But getting profiled in The New Yorker bears a risk, and the risk is that
other media organizations try to tell the "down" story, because the down story
is the only new thing to say after a subject is painted with such grandiose
brush strokes.

Example: Marc Andreessen gets profiled in The New Yorker and a year later the
WSJ publishes a hit piece on Andreessen Horowitz's returns. That's how
journalists think: "what can I say that's different?" The whole industry plays
a kind of ping pong, with one reporter telling an up story so the next can
tell the opposite. It's a strange form of job security in an insecure
profession. In a sense, you know you made it when they're publishing hit
pieces about you.

A New Yorker profile is as good as it gets, and in a sense represents peak
exposure, at least for someone in tech. (The Kardashians have other
benchmarks...) It's doubly risky because at peak exposure, you get journalists
who a) don't know much about tech because they don't specialize in it and
therefore b) don't care if they get little things wrong, or subtly damage
their source, in the telling of their story. They will move on to other
profiles.

This comes out in small ways:

1) These sentences about Google and Facebook show that the reporter has
misunderstood something fundamental about Google's history as it relates to
the rest of the industry: "In the nineties, before the accelerator era,
startups were usually launched by mid-career engineers or repeat
entrepreneurs, who sought millions in venture capital and then labored in
secret on something complicated that took years to launch. As the price of Web
hosting plummeted and PCs and cell phones proliferated, college and grad-
school dropouts like Mark Zuckerberg or Larry Page and Sergey Brin could
suddenly conjure unicorns on their laptops." Google was building its own racks
in the 1990s. And for that matter, Facebook didn't need an accelerator.

2) This passage will alienate most readers, because they simply can't relate
to a world where a cushion like this somehow equates with a sacrifice: "Leery
of tech’s culture of Golcondan wealth, in which a billion dollars is dismissed
as “a buck,” he decided to rid himself of all but a comfortable cushion: his
four-bedroom house in San Francisco’s Mission district, his cars, his Big Sur
property, and a reserve of ten million dollars, whose annual interest would
cover his living expenses. The rest would go to improving humanity."

3) And this will piss off the DOD: "He added, “A friend of mine says, ‘The
thing that saves us from the Department of Defense is that, though they have a
ton of money, they’re not very competent.’ "

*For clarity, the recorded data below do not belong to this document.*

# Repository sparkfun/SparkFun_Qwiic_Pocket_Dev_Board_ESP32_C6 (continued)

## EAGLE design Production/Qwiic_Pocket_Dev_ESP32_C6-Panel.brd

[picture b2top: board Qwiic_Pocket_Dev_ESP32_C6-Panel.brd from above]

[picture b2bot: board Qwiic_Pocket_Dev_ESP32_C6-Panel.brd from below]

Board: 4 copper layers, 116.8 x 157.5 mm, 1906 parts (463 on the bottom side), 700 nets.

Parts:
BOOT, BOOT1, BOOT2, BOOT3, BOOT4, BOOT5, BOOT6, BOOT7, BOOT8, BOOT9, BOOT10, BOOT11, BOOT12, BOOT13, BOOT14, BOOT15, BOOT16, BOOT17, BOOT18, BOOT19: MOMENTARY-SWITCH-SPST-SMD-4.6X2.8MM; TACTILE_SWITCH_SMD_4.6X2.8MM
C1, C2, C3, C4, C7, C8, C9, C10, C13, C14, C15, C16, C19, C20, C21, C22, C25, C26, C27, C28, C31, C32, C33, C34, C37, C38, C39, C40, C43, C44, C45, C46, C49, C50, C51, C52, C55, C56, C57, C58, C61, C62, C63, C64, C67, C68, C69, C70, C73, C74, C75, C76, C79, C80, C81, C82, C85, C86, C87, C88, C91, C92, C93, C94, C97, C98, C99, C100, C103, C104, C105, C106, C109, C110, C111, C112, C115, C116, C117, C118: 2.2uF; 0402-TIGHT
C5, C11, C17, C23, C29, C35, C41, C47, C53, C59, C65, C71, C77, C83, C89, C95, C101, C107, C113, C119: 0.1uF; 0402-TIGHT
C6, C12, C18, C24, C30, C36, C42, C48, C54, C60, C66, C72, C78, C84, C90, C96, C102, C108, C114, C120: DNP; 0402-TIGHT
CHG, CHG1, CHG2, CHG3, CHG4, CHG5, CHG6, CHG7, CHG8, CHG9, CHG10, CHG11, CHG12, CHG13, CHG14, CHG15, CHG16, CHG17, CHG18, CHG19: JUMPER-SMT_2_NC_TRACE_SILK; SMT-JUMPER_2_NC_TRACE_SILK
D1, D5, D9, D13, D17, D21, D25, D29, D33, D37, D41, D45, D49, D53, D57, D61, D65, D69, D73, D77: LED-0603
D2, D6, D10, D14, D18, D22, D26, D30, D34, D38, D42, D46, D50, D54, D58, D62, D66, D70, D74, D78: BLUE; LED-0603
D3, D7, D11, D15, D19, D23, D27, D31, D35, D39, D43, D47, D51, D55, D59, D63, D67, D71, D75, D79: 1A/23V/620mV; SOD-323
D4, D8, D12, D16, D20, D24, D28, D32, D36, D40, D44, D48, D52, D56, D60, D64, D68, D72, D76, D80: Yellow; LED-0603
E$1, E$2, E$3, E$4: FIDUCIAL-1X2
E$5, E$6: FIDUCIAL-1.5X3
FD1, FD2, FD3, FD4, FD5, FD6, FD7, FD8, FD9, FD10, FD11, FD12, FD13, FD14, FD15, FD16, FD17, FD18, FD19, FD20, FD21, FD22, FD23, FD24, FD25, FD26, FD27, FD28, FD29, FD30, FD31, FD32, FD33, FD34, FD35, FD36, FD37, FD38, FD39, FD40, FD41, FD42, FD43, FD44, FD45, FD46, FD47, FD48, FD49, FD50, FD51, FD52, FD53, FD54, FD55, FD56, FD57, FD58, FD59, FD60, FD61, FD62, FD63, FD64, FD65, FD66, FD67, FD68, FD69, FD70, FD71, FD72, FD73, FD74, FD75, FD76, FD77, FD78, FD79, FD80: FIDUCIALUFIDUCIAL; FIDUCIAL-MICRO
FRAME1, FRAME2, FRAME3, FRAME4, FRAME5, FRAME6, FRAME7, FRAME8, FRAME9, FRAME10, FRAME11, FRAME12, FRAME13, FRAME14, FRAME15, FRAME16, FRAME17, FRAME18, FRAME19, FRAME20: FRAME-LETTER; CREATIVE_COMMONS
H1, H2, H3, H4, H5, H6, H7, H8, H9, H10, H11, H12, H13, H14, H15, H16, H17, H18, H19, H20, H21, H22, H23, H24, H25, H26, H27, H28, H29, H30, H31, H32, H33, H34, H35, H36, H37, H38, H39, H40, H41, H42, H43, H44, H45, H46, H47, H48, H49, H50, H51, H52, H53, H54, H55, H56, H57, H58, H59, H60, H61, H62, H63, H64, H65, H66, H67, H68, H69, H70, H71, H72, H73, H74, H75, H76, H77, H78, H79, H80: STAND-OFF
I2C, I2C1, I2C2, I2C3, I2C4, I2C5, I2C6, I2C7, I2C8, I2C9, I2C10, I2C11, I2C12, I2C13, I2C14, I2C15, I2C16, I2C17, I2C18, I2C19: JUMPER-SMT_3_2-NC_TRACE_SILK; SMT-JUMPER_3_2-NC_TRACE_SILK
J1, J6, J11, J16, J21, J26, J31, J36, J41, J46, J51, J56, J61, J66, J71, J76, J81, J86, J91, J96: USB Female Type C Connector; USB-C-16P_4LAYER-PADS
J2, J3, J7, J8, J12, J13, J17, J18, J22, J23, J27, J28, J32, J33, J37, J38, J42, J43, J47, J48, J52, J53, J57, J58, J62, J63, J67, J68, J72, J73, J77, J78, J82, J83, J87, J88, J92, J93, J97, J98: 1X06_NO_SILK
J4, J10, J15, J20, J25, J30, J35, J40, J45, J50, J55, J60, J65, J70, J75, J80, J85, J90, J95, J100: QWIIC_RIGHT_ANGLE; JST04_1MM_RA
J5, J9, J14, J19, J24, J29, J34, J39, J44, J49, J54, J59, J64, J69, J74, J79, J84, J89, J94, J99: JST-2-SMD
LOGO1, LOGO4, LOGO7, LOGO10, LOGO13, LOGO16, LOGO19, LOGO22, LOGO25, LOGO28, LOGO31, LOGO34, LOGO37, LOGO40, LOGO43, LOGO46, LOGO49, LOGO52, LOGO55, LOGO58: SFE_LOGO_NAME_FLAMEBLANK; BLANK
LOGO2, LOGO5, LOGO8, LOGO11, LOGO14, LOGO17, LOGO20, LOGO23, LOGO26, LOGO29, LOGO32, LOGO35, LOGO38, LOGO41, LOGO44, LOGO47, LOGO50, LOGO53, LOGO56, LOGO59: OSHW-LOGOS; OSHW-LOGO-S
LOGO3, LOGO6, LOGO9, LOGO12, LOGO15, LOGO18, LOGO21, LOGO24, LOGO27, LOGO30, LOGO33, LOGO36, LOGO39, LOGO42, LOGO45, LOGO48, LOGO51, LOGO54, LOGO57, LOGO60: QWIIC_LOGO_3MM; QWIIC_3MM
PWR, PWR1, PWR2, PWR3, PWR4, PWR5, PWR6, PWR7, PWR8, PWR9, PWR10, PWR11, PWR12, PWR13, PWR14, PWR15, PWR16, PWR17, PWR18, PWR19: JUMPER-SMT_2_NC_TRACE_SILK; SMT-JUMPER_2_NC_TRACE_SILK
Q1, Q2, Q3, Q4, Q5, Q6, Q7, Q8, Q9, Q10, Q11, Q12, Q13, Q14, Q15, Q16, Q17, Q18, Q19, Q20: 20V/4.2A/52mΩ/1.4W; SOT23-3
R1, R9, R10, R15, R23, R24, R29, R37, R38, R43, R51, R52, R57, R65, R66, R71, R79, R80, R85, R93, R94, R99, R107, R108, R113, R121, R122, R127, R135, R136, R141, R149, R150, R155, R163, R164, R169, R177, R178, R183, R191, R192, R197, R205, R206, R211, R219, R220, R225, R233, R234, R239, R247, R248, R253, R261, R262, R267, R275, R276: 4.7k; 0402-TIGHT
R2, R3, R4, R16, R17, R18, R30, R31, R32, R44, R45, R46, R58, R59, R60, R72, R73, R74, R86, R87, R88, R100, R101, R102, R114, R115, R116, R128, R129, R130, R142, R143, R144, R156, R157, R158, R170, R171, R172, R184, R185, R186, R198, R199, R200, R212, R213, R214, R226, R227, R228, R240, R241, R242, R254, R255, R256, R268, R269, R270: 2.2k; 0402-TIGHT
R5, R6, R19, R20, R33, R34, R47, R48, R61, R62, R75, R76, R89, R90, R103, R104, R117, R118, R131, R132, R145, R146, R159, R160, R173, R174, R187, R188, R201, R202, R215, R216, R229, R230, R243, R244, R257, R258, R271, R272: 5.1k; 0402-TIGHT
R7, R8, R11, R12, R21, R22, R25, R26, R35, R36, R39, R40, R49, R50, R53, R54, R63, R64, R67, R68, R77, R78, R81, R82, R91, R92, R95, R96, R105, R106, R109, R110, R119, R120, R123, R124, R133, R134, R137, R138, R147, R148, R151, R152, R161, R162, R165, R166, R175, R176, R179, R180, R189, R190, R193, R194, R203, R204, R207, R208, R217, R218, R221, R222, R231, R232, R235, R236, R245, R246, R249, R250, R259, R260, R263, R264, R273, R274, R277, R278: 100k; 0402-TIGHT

Obviously there are positive passages in the profile, but a reporter like Tad
Friend will report the negative passages with a straight face knowing that
they will spark controversy, outrage or derision. He will tell a larger story
of mad scientists and investors creating technology beyond their ken that
spells doom for humanity. He will let his subjects hang themselves, subtly,
because he can afford to do that kind of damage and pretend he had no part in
it. Drop some little bombs, move on.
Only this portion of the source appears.